The cathode material Na${}_x$FePO${}_4$ ($0<x<1$) of sodium-ion batteries displays complex phase segregation processes with the existence of an intermediate phase, and large volume change during charging/discharging. A chemo-mechanical phase-field model is developed to capture the thermodynamics of phase segregation along with the structural change that occurs in Na${}_x$FePO${}_4$. The multiwell potential of Na${}_x$FePO${}_4$ for the full range of concentration is constructed for the first time. This new model not only captures phase segregation into a sodium-poor phase FePO${}_4$ and a sodium-rich phase $N{a}_{2∕3}FeP{O}_4$ but also the solid-solution phase Na${}_x$FePO${}_4$ ($2∕3<x<1$). The microstructure evolution in the whole processes of sodiation and desodiation is investigated. The stress assisted diffusion induces the striking behavior of the maximum solubility limit going beyond 2/3 even within two-phase coexistence. Further, the formation of an intermediate phase leads to varying solubility limits which agrees with recent experimental observation, as well as a stress reduction behavior. Finally, our work suggests that prolate Na${}_x$FePO${}_4$ particles are mechanically more reliable due to nearly stress-free phases. We expect that the intermediate phase-induced stress reduction behavior provides a new concept for improving mechanical stability and thus better battery performance.

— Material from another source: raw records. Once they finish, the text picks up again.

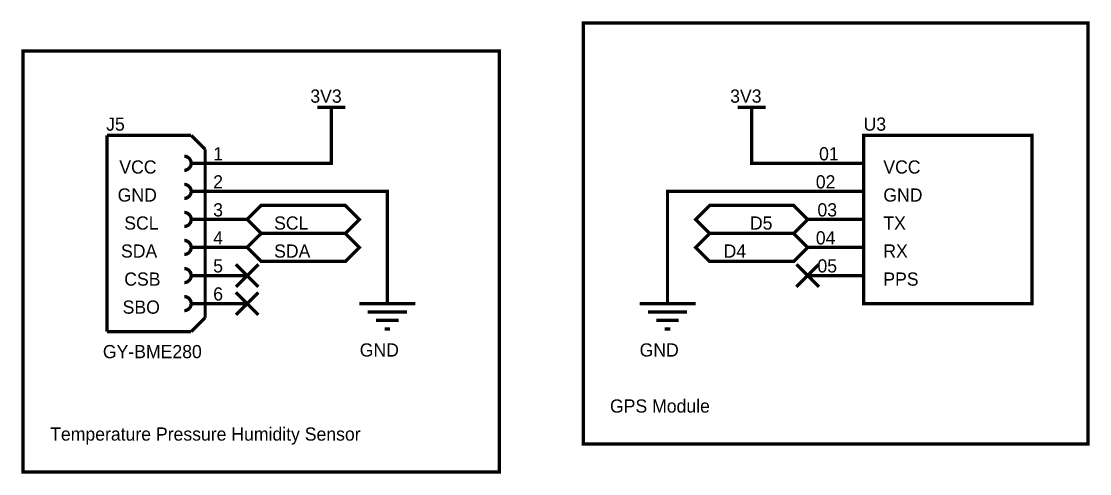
# Model space of a CAD drawing. Header units: inches. Extents: x 0 to 15, y 0 to 9.5.
# Drawn here: x 4.895 to 8.706, y 4.894 to 6.506 of the extents above; entities that cross this region are included whole.
import ezdxf

# ---------------------------------------------------------------- set-up
doc = ezdxf.new("R2010")
doc.units = ezdxf.units.IN
doc.header["$MEASUREMENT"] = 0
doc.layers.add('Sheet', color=255, linetype='Continuous')

msp = doc.modelspace()

# ---------------------------------------------------------------- linework, layer by layer
at = {"layer": 'Sheet'}
for points in [[(6.9002, 6.4997, 0.0118, 0.0118, 0), (8.7, 6.4997, 0.0118, 0.0118, 0), (8.7, 4.9997, 0.0118, 0.0118, 0), (6.9002, 4.9997, 0.0118, 0.0118, 0), (6.9002, 6.4997, 0.0118, 0.0118, 0)], [(4.9011, 6.3998, 0.0118, 0.0118, 0), (6.6003, 6.3998, 0.0118, 0.0118, 0), (6.6003, 4.8998, 0.0118, 0.0118, 0), (4.9011, 4.8998, 0.0118, 0.0118, 0), (4.9011, 6.3998, 0.0118, 0.0118, 0)], [(7.9001, 6.0998, 0.0118, 0.0118, 0), (8.4999, 6.0998, 0.0118, 0.0118, 0), (8.4999, 5.4998, 0.0118, 0.0118, 0), (7.9001, 5.4998, 0.0118, 0.0118, 0), (7.9001, 6.0998, 0.0118, 0.0118, 0)], [(7.9001, 6.0998, 0.0039, 0.0039, 0), (7.9001, 5.4998, 0.0039, 0.0039, 0), (8.4999, 5.4998, 0.0039, 0.0039, 0), (8.4999, 6.0998, 0.0039, 0.0039, 0), (7.9001, 6.0998, 0.0039, 0.0039, 0), (7.9001, 6.0998, 0.0039, 0.0039, 0)], [(5.7509, 5.7499, 0.0118, 0.0118, 0), (5.7006, 5.7998, 0.0118, 0.0118, 0), (5.7509, 5.8497, 0.0118, 0.0118, 0), (6.0508, 5.8497, 0.0118, 0.0118, 0), (6.1007, 5.7998, 0.0118, 0.0118, 0), (6.0508, 5.7499, 0.0118, 0.0118, 0), (5.7509, 5.7499, 0.0118, 0.0118, 0)], [(5.7509, 5.7499, 0.0039, 0.0039, 0), (5.7006, 5.7998, 0.0039, 0.0039, 0), (5.7509, 5.8497, 0.0039, 0.0039, 0), (6.0508, 5.8497, 0.0039, 0.0039, 0), (6.1007, 5.7998, 0.0039, 0.0039, 0), (6.0508, 5.7499, 0.0039, 0.0039, 0), (5.7509, 5.7499, 0.0039, 0.0039, 0)], [(7.3502, 5.7499, 0.0118, 0.0118, 0), (7.3003, 5.7998, 0.0118, 0.0118, 0), (7.3502, 5.8497, 0.0118, 0.0118, 0), (7.6501, 5.8497, 0.0118, 0.0118, 0), (7.7001, 5.7998, 0.0118, 0.0118, 0), (7.6501, 5.7499, 0.0118, 0.0118, 0), (7.3502, 5.7499, 0.0118, 0.0118, 0)], [(7.3502, 5.7499, 0.0039, 0.0039, 0), (7.3003, 5.7998, 0.0039, 0.0039, 0), (7.3502, 5.8497, 0.0039, 0.0039, 0), (7.6501, 5.8497, 0.0039, 0.0039, 0), (7.7001, 5.7998, 0.0039, 0.0039, 0), (7.6501, 5.7499, 0.0039, 0.0039, 0), (7.3502, 5.7499, 0.0039, 0.0039, 0)], [(5.7509, 5.65, 0.0118, 0.0118, 0), (5.7006, 5.6999, 0.0118, 0.0118, 0), (5.7509, 5.7499, 0.0118, 0.0118, 0), (6.0508, 5.7499, 0.0118, 0.0118, 0), (6.1007, 5.6999, 0.0118, 0.0118, 0), (6.0508, 5.65, 0.0118, 0.0118, 0), (5.7509, 5.65, 0.0118, 0.0118, 0)], [(7.3502, 5.65, 0.0118, 0.0118, 0), (7.3003, 5.6999, 0.0118, 0.0118, 0), (7.3502, 5.7499, 0.0118, 0.0118, 0), (7.6501, 5.7499, 0.0118, 0.0118, 0), (7.7001, 5.6999, 0.0118, 0.0118, 0), (7.6501, 5.65, 0.0118, 0.0118, 0), (7.3502, 5.65, 0.0118, 0.0118, 0)], [(5.7509, 5.65, 0.0039, 0.0039, 0), (5.7006, 5.6999, 0.0039, 0.0039, 0), (5.7509, 5.7499, 0.0039, 0.0039, 0), (6.0508, 5.7499, 0.0039, 0.0039, 0), (6.1007, 5.6999, 0.0039, 0.0039, 0), (6.0508, 5.65, 0.0039, 0.0039, 0), (5.7509, 5.65, 0.0039, 0.0039, 0)], [(7.3502, 5.65, 0.0039, 0.0039, 0), (7.3003, 5.6999, 0.0039, 0.0039, 0), (7.3502, 5.7499, 0.0039, 0.0039, 0), (7.6501, 5.7499, 0.0039, 0.0039, 0), (7.7001, 5.6999, 0.0039, 0.0039, 0), (7.6501, 5.65, 0.0039, 0.0039, 0), (7.3502, 5.65, 0.0039, 0.0039, 0)]]:
    msp.add_lwpolyline(points, format="xyseb", close=True, dxfattribs=at)
for points in [[(5.9506, 6.1997, 0.0118, 0.0118, 0), (6.0508, 6.1997, 0.0118, 0.0118, 0)], [(6.0005, 6.0998, 0.0118, 0.0118, 0), (6.0005, 6.1997, 0.0118, 0.0118, 0)], [(7.4501, 6.1997, 0.0118, 0.0118, 0), (7.5503, 6.1997, 0.0118, 0.0118, 0)], [(7.5, 6.0998, 0.0118, 0.0118, 0), (7.5, 6.1997, 0.0118, 0.0118, 0)], [(5.201, 5.3999, 0.0118, 0.0118, 0), (5.201, 6.0998, 0.0118, 0.0118, 0)], [(5.201, 6.0998, 0.0118, 0.0118, 0), (5.5009, 6.0998, 0.0118, 0.0118, 0)], [(5.5509, 6.0499, 0.0118, 0.0118, 0), (5.5009, 6.0998, 0.0118, 0.0118, 0)], [(5.7006, 5.9999, 0.0118, 0.0118, 0), (6.0005, 5.9999, 0.0118, 0.0118, 0), (6.0005, 6.0998, 0.0118, 0.0118, 0)], [(7.5, 6.0998, 0.0118, 0.0118, 0), (7.5, 5.9999, 0.0118, 0.0118, 0), (7.7001, 5.9999, 0.0118, 0.0118, 0)], [(5.5009, 5.9999, 0.0118, 0.0118, 0), (5.5009, 6.001, 0.0118, 0.0118, 0), (5.5009, 6.0025, 0.0118, 0.0118, 0), (5.5006, 6.0036, 0.0118, 0.0118, 0), (5.5006, 6.0051, 0.0118, 0.0118, 0), (5.5002, 6.0062, 0.0118, 0.0118, 0), (5.4998, 6.0073, 0.0118, 0.0118, 0), (5.4995, 6.0084, 0.0118, 0.0118, 0), (5.4991, 6.0095, 0.0118, 0.0118, 0), (5.4984, 6.0106, 0.0118, 0.0118, 0), (5.498, 6.0117, 0.0118, 0.0118, 0), (5.4973, 6.0128, 0.0118, 0.0118, 0), (5.4965, 6.0139, 0.0118, 0.0118, 0), (5.4958, 6.0146, 0.0118, 0.0118, 0), (5.4951, 6.0157, 0.0118, 0.0118, 0), (5.4943, 6.0168, 0.0118, 0.0118, 0), (5.4936, 6.0175, 0.0118, 0.0118, 0), (5.4929, 6.0183, 0.0118, 0.0118, 0), (5.4918, 6.019, 0.0118, 0.0118, 0), (5.4907, 6.0198, 0.0118, 0.0118, 0), (5.4899, 6.0205, 0.0118, 0.0118, 0), (5.4888, 6.0212, 0.0118, 0.0118, 0), (5.4877, 6.022, 0.0118, 0.0118, 0), (5.4866, 6.0223, 0.0118, 0.0118, 0), (5.4855, 6.0231, 0.0118, 0.0118, 0), (5.4844, 6.0234, 0.0118, 0.0118, 0), (5.4833, 6.0238, 0.0118, 0.0118, 0), (5.4822, 6.0242, 0.0118, 0.0118, 0), (5.4811, 6.0245, 0.0118, 0.0118, 0), (5.4796, 6.0245, 0.0118, 0.0118, 0), (5.4785, 6.0249, 0.0118, 0.0118, 0), (5.4771, 6.0249, 0.0118, 0.0118, 0), (5.476, 6.0249, 0.0118, 0.0118, 0)], [(5.476, 6.0249, 0.0118, 0.0118, 0), (5.476, 6.0249, 0.0118, 0.0118, 0), (5.476, 6.0249, 0.0118, 0.0118, 0), (5.476, 6.0249, 0.0118, 0.0118, 0), (5.476, 6.0249, 0.0118, 0.0118, 0), (5.476, 6.0249, 0.0118, 0.0118, 0), (5.476, 6.0249, 0.0118, 0.0118, 0), (5.476, 6.0249, 0.0118, 0.0118, 0), (5.476, 6.0249, 0.0118, 0.0118, 0), (5.476, 6.0249, 0.0118, 0.0118, 0), (5.476, 6.0249, 0.0118, 0.0118, 0), (5.476, 6.0249, 0.0118, 0.0118, 0), (5.476, 6.0249, 0.0118, 0.0118, 0), (5.476, 6.0249, 0.0118, 0.0118, 0), (5.476, 6.0249, 0.0118, 0.0118, 0), (5.476, 6.0249, 0.0118, 0.0118, 0), (5.476, 6.0249, 0.0118, 0.0118, 0), (5.476, 6.0249, 0.0118, 0.0118, 0), (5.476, 6.0249, 0.0118, 0.0118, 0), (5.476, 6.0249, 0.0118, 0.0118, 0), (5.476, 6.0249, 0.0118, 0.0118, 0), (5.476, 6.0249, 0.0118, 0.0118, 0), (5.476, 6.0249, 0.0118, 0.0118, 0), (5.476, 6.0249, 0.0118, 0.0118, 0), (5.476, 6.0249, 0.0118, 0.0118, 0), (5.476, 6.0249, 0.0118, 0.0118, 0), (5.476, 6.0249, 0.0118, 0.0118, 0), (5.476, 6.0249, 0.0118, 0.0118, 0), (5.476, 6.0249, 0.0118, 0.0118, 0), (5.476, 6.0249, 0.0118, 0.0118, 0), (5.476, 6.0249, 0.0118, 0.0118, 0), (5.476, 6.0249, 0.0118, 0.0118, 0), (5.476, 6.0249, 0.0118, 0.0118, 0)], [(5.5509, 6.0499, 0.0118, 0.0118, 0), (5.5509, 5.4499, 0.0118, 0.0118, 0)], [(5.476, 5.975, 0.0118, 0.0118, 0), (5.4771, 5.975, 0.0118, 0.0118, 0), (5.4785, 5.975, 0.0118, 0.0118, 0), (5.4796, 5.9753, 0.0118, 0.0118, 0), (5.4811, 5.9753, 0.0118, 0.0118, 0), (5.4822, 5.9757, 0.0118, 0.0118, 0), (5.4833, 5.9761, 0.0118, 0.0118, 0), (5.4844, 5.9764, 0.0118, 0.0118, 0), (5.4855, 5.9768, 0.0118, 0.0118, 0), (5.4866, 5.9775, 0.0118, 0.0118, 0), (5.4877, 5.9779, 0.0118, 0.0118, 0), (5.4888, 5.9786, 0.0118, 0.0118, 0), (5.4899, 5.979, 0.0118, 0.0118, 0), (5.4907, 5.9797, 0.0118, 0.0118, 0), (5.4918, 5.9805, 0.0118, 0.0118, 0), (5.4929, 5.9816, 0.0118, 0.0118, 0), (5.4936, 5.9823, 0.0118, 0.0118, 0), (5.4943, 5.983, 0.0118, 0.0118, 0), (5.4951, 5.9841, 0.0118, 0.0118, 0), (5.4958, 5.9849, 0.0118, 0.0118, 0), (5.4965, 5.986, 0.0118, 0.0118, 0), (5.4973, 5.9871, 0.0118, 0.0118, 0), (5.498, 5.9878, 0.0118, 0.0118, 0), (5.4984, 5.9889, 0.0118, 0.0118, 0), (5.4991, 5.99, 0.0118, 0.0118, 0), (5.4995, 5.9911, 0.0118, 0.0118, 0), (5.4998, 5.9926, 0.0118, 0.0118, 0), (5.5002, 5.9937, 0.0118, 0.0118, 0), (5.5006, 5.9948, 0.0118, 0.0118, 0), (5.5006, 5.9963, 0.0118, 0.0118, 0), (5.5009, 5.9974, 0.0118, 0.0118, 0), (5.5009, 5.9985, 0.0118, 0.0118, 0), (5.5009, 5.9999, 0.0118, 0.0118, 0)], [(5.5009, 5.9999, 0.0118, 0.0118, 0), (5.7006, 5.9999, 0.0118, 0.0118, 0)], [(7.9001, 5.9999, 0.0118, 0.0118, 0), (7.7001, 5.9999, 0.0118, 0.0118, 0)], [(5.5009, 5.8997, 0.0118, 0.0118, 0), (5.5009, 5.9011, 0.0118, 0.0118, 0), (5.5009, 5.9022, 0.0118, 0.0118, 0), (5.5006, 5.9034, 0.0118, 0.0118, 0), (5.5006, 5.9048, 0.0118, 0.0118, 0), (5.5002, 5.9059, 0.0118, 0.0118, 0), (5.4998, 5.907, 0.0118, 0.0118, 0), (5.4995, 5.9085, 0.0118, 0.0118, 0), (5.4991, 5.9096, 0.0118, 0.0118, 0), (5.4984, 5.9107, 0.0118, 0.0118, 0), (5.498, 5.9118, 0.0118, 0.0118, 0), (5.4973, 5.9125, 0.0118, 0.0118, 0), (5.4965, 5.9136, 0.0118, 0.0118, 0), (5.4958, 5.9147, 0.0118, 0.0118, 0), (5.4951, 5.9155, 0.0118, 0.0118, 0), (5.4943, 5.9166, 0.0118, 0.0118, 0), (5.4936, 5.9173, 0.0118, 0.0118, 0), (5.4929, 5.918, 0.0118, 0.0118, 0), (5.4918, 5.9191, 0.0118, 0.0118, 0), (5.4907, 5.9199, 0.0118, 0.0118, 0), (5.4899, 5.9206, 0.0118, 0.0118, 0), (5.4888, 5.921, 0.0118, 0.0118, 0), (5.4877, 5.9217, 0.0118, 0.0118, 0), (5.4866, 5.9221, 0.0118, 0.0118, 0), (5.4855, 5.9228, 0.0118, 0.0118, 0), (5.4844, 5.9232, 0.0118, 0.0118, 0), (5.4833, 5.9235, 0.0118, 0.0118, 0), (5.4822, 5.9239, 0.0118, 0.0118, 0), (5.4811, 5.9243, 0.0118, 0.0118, 0), (5.4796, 5.9243, 0.0118, 0.0118, 0), (5.4785, 5.9246, 0.0118, 0.0118, 0), (5.4771, 5.9246, 0.0118, 0.0118, 0), (5.476, 5.9246, 0.0118, 0.0118, 0)], [(5.476, 5.9246, 0.0118, 0.0118, 0), (5.476, 5.9246, 0.0118, 0.0118, 0), (5.476, 5.9246, 0.0118, 0.0118, 0), (5.476, 5.9246, 0.0118, 0.0118, 0), (5.476, 5.9246, 0.0118, 0.0118, 0), (5.476, 5.9246, 0.0118, 0.0118, 0), (5.476, 5.9246, 0.0118, 0.0118, 0), (5.476, 5.9246, 0.0118, 0.0118, 0), (5.476, 5.9246, 0.0118, 0.0118, 0), (5.476, 5.9246, 0.0118, 0.0118, 0), (5.476, 5.9246, 0.0118, 0.0118, 0), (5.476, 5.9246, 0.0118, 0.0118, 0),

正极材料Na${}_X$磷酸铁${}_4$ （$0<X<\mathrm{1个}$钠离子电池的）显示复杂的相分离过程，存在中间相，并且在充电/放电过程中体积变化很大。建立化学机械相场模型以捕获相分离的热力学以及在Na中发生的结构变化${}_X$磷酸铁${}_4$。Na的多孔势${}_X$磷酸铁${}_4$首次建立了完整的浓度范围。这个新模型不仅捕获了相分离成贫钠的FePO${}_4$ 和富钠相 $ñ{\mathrm{一种}}_{2∕3}FËP{Ø}_4$ 还有固溶相Na${}_X$磷酸铁${}_4$ （$2∕3<X<\mathrm{1个}$）。研究了整个消沉过程的微观结构演变。应力辅助扩散引起最大溶解度极限的惊人行为，甚至在两相共存时也超过2/3。此外，中间相的形成导致变化的溶解度极限，这与最近的实验观察一致，并且具有应力降低行为。最后，我们的工作表明Na${}_X$磷酸铁${}_4$由于几乎没有应力，因此颗粒在机械上更可靠。我们期望中间相诱导的应力降低行为提供了一个新的概念，以改善机械稳定性并因此改善电池性能。